■ What you need to do
The answer must be the full listing, word for word, with no pictures in it.

■ Provided information
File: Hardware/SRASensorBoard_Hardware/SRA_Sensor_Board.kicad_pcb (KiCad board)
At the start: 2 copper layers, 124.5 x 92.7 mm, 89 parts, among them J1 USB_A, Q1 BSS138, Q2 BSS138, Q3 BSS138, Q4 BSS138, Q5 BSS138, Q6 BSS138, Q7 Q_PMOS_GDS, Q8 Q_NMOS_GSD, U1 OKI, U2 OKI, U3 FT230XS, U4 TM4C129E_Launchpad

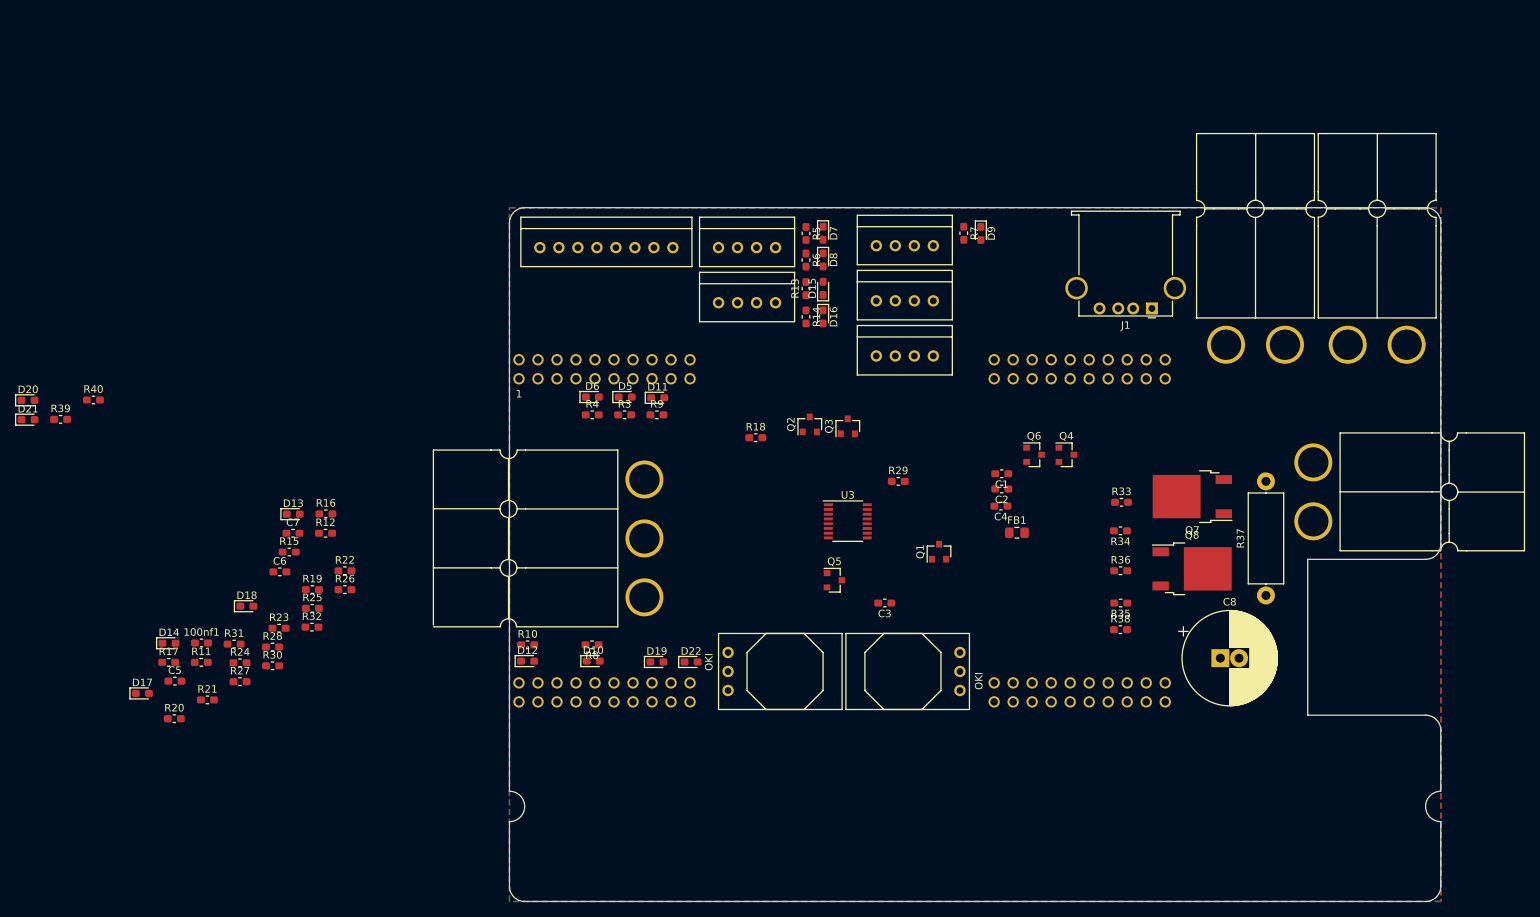
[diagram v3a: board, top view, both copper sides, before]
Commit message: Board Progress 1
Board expanded and mosfets are positioned for wiring
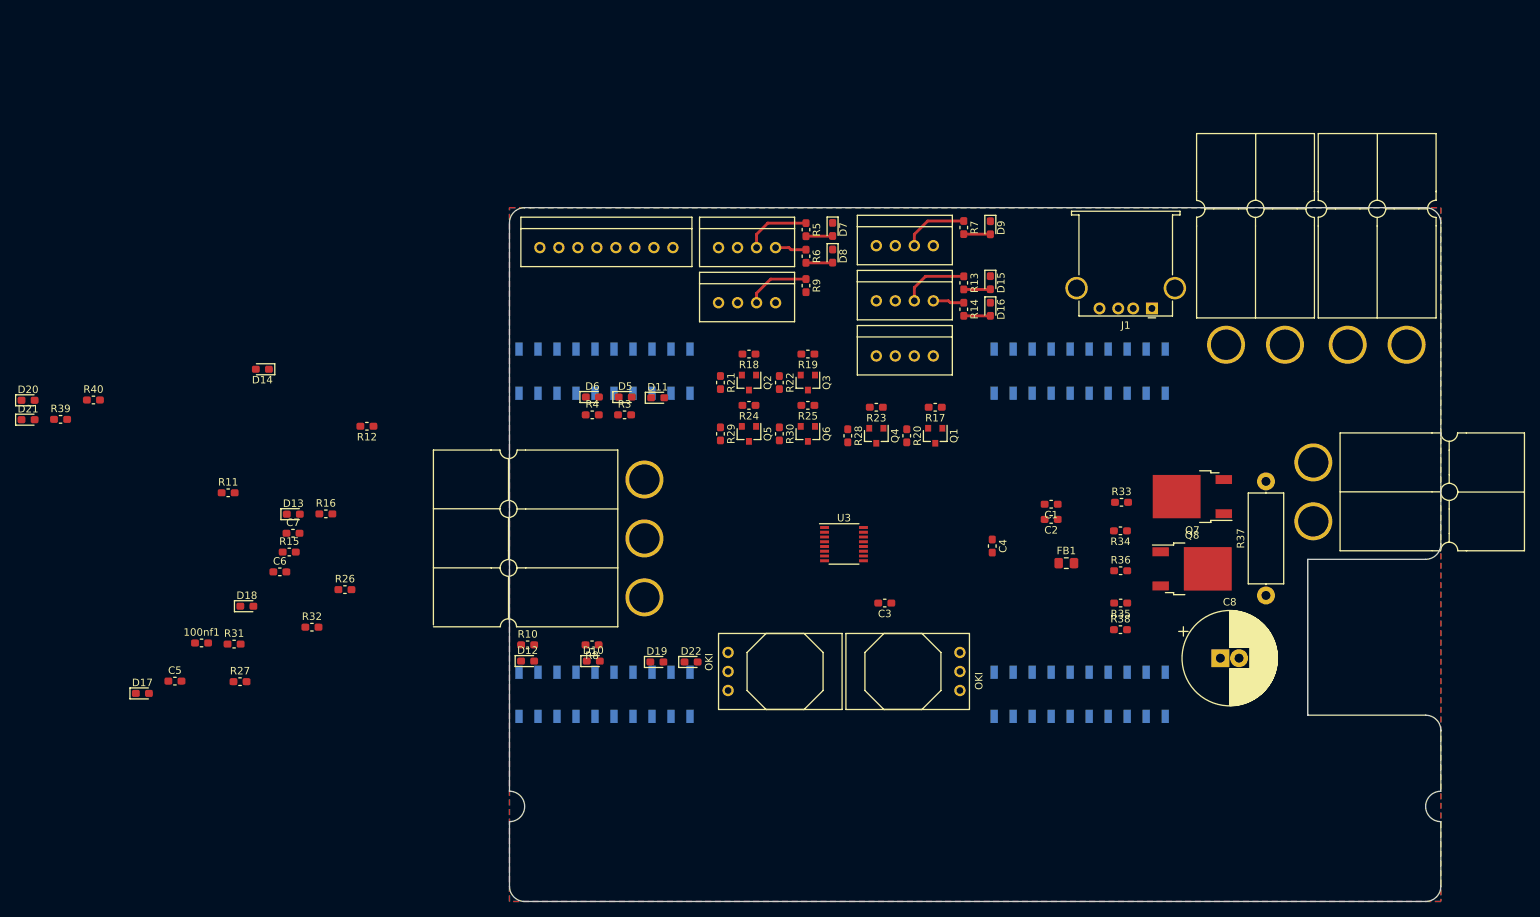
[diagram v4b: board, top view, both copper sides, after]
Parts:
- U4: footprint MRDT_Shields:TM4C129E_Launchpad_FULL_THT_BOTTOM -> MRDT_Shields:TM4C129E_Launchpad_FULL_SMD_BOTTOM
- moved R17 108.0 mm to (148.3, 86.4), turned to 180 degrees
- moved R20 104.9 mm to (144.5, 90.2), turned to 270 degrees
- moved R23 85.1 mm to (140.5, 86.4), turned to 180 degrees
- moved R28 81.9 mm to (136.7, 90.2), turned to 270 degrees
- moved R21 80.6 mm to (119.6, 83.1), turned to 270 degrees
- moved R24 76.2 mm to (123.4, 86.1), turned to 180 degrees
- moved R30 74.5 mm to (127.5, 89.9), turned to 270 degrees
- moved R19 73.3 mm to (131.3, 79.2), turned to 180 degrees
- moved R25 71.6 mm to (131.3, 86.1), turned to 180 degrees
- moved R22 63.3 mm to (127.5, 83.1), turned to 270 degrees
- moved D14 38.7 mm to (58.4, 81.3), turned to 180 degrees
- moved Q6 30.4 mm to (131.3, 89.9), turned to 270 degrees
- moved R9 26.4 mm to (131.1, 70.1), turned to 270 degrees
- moved Q4 25.5 mm to (140.5, 90.2), turned to 270 degrees
- moved R29 24.6 mm to (119.6, 89.9), turned to 270 degrees
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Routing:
- net O2_TX: track 0.00 -> 9.00 mm
- net NO2_TX: track 0.00 -> 9.00 mm
- net NO_SCL: track 0.00 -> 8.86 mm
- net CO2_TX: track 0.00 -> 8.66 mm
- net O2_RX: track 0.00 -> 4.18 mm
- net NO2_RX: track 0.00 -> 4.17 mm
- net Net-(D9-Pad2): track 0.00 -> 3.57 mm
- net Net-(D7-Pad2): track 0.00 -> 3.57 mm
- net Net-(D8-Pad2): track 0.00 -> 3.57 mm
- net Net-(D15-Pad2): track 0.00 -> 3.57 mm
- net Net-(D16-Pad2): track 0.00 -> 3.56 mm

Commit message: Broad Progress 2-oof
Pre-oops need to add 6 mosfets for spectrometer
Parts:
- C8: footprint Capacitor_THT:CP_Radial_D12.5mm_P2.50mm -> Capacitor_THT:CP_Radial_D12.5mm_P5.00mm
- C9: renamed from 100nf1; value C -> 100nf
- Conn1, Conn3: moved to B.Cu
- moved D20 165.0 mm to (187.7, 123.2), turned to 180 degrees
- moved D21 164.8 mm to (187.7, 125.0), turned to 180 degrees
- moved R39 157.0 mm to (184.0, 125.0)
- moved R40 153.8 mm to (184.0, 126.7)
- moved R4 108.3 mm to (210.3, 77.5), turned to 180 degrees
- moved D6 107.9 mm to (210.3, 80.3), turned to 180 degrees
- moved D19 107.0 mm to (213.0, 87.6), turned to 180 degrees
- moved R11 100.5 mm to (152.1, 77.0), turned to 270 degrees
- moved D14 97.3 mm to (155.7, 80.4), turned to 270 degrees
- moved D13 96.1 mm to (155.7, 77.0), turned to 270 degrees
- moved C8 82.8 mm to (109.0, 90.7)
- moved D17 81.6 mm to (124.0, 123.7), turned to 180 degrees
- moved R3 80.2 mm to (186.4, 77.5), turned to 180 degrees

■ Exercise output
File: Hardware/SRASensorBoard_Hardware/SRA_Sensor_Board.kicad_pcb (KiCad board)
At the start: 2 copper layers, 124.5 x 92.7 mm, 89 parts, among them J1 USB_A, Q1 BSS138, Q2 BSS138, Q3 BSS138, Q4 BSS138, Q5 BSS138, Q6 BSS138, Q7 Q_PMOS_GDS, Q8 Q_NMOS_GSD, U1 OKI, U2 OKI, U3 FT230XS, U4 TM4C129E_Launchpad

[diagram v3a: board, top view, both copper sides, before]
Commit message: Board Progress 1
Board expanded and mosfets are positioned for wiring
[diagram v4b: board, top view, both copper sides, after]
Parts:
- U4: footprint MRDT_Shields:TM4C129E_Launchpad_FULL_THT_BOTTOM -> MRDT_Shields:TM4C129E_Launchpad_FULL_SMD_BOTTOM
- moved R17 108.0 mm to (148.3, 86.4), turned to 180 degrees
- moved R20 104.9 mm to (144.5, 90.2), turned to 270 degrees
- moved R23 85.1 mm to (140.5, 86.4), turned to 180 degrees
- moved R28 81.9 mm to (136.7, 90.2), turned to 270 degrees
- moved R21 80.6 mm to (119.6, 83.1), turned to 270 degrees
- moved R24 76.2 mm to (123.4, 86.1), turned to 180 degrees
- moved R30 74.5 mm to (127.5, 89.9), turned to 270 degrees
- moved R19 73.3 mm to (131.3, 79.2), turned to 180 degrees
- moved R25 71.6 mm to (131.3, 86.1), turned to 180 degrees
- moved R22 63.3 mm to (127.5, 83.1), turned to 270 degrees
- moved D14 38.7 mm to (58.4, 81.3), turned to 180 degrees
- moved Q6 30.4 mm to (131.3, 89.9), turned to 270 degrees
- moved R9 26.4 mm to (131.1, 70.1), turned to 270 degrees
- moved Q4 25.5 mm to (140.5, 90.2), turned to 270 degrees
- moved R29 24.6 mm to (119.6, 89.9), turned to 270 degrees
Routing:
- net O2_TX: track 0.00 -> 9.00 mm
- net NO2_TX: track 0.00 -> 9.00 mm
- net NO_SCL: track 0.00 -> 8.86 mm
- net CO2_TX: track 0.00 -> 8.66 mm
- net O2_RX: track 0.00 -> 4.18 mm
- net NO2_RX: track 0.00 -> 4.17 mm
- net Net-(D9-Pad2): track 0.00 -> 3.57 mm
- net Net-(D7-Pad2): track 0.00 -> 3.57 mm
- net Net-(D8-Pad2): track 0.00 -> 3.57 mm
- net Net-(D15-Pad2): track 0.00 -> 3.57 mm
- net Net-(D16-Pad2): track 0.00 -> 3.56 mm

Commit message: Broad Progress 2-oof
Pre-oops need to add 6 mosfets for spectrometer
Parts:
- C8: footprint Capacitor_THT:CP_Radial_D12.5mm_P2.50mm -> Capacitor_THT:CP_Radial_D12.5mm_P5.00mm
- C9: renamed from 100nf1; value C -> 100nf
- Conn1, Conn3: moved to B.Cu
- moved D20 165.0 mm to (187.7, 123.2), turned to 180 degrees
- moved D21 164.8 mm to (187.7, 125.0), turned to 180 degrees
- moved R39 157.0 mm to (184.0, 125.0)
- moved R40 153.8 mm to (184.0, 126.7)
- moved R4 108.3 mm to (210.3, 77.5), turned to 180 degrees
- moved D6 107.9 mm to (210.3, 80.3), turned to 180 degrees
- moved D19 107.0 mm to (213.0, 87.6), turned to 180 degrees
- moved R11 100.5 mm to (152.1, 77.0), turned to 270 degrees
- moved D14 97.3 mm to (155.7, 80.4), turned to 270 degrees
- moved D13 96.1 mm to (155.7, 77.0), turned to 270 degrees
- moved C8 82.8 mm to (109.0, 90.7)
- moved D17 81.6 mm to (124.0, 123.7), turned to 180 degrees
- moved R3 80.2 mm to (186.4, 77.5), turned to 180 degrees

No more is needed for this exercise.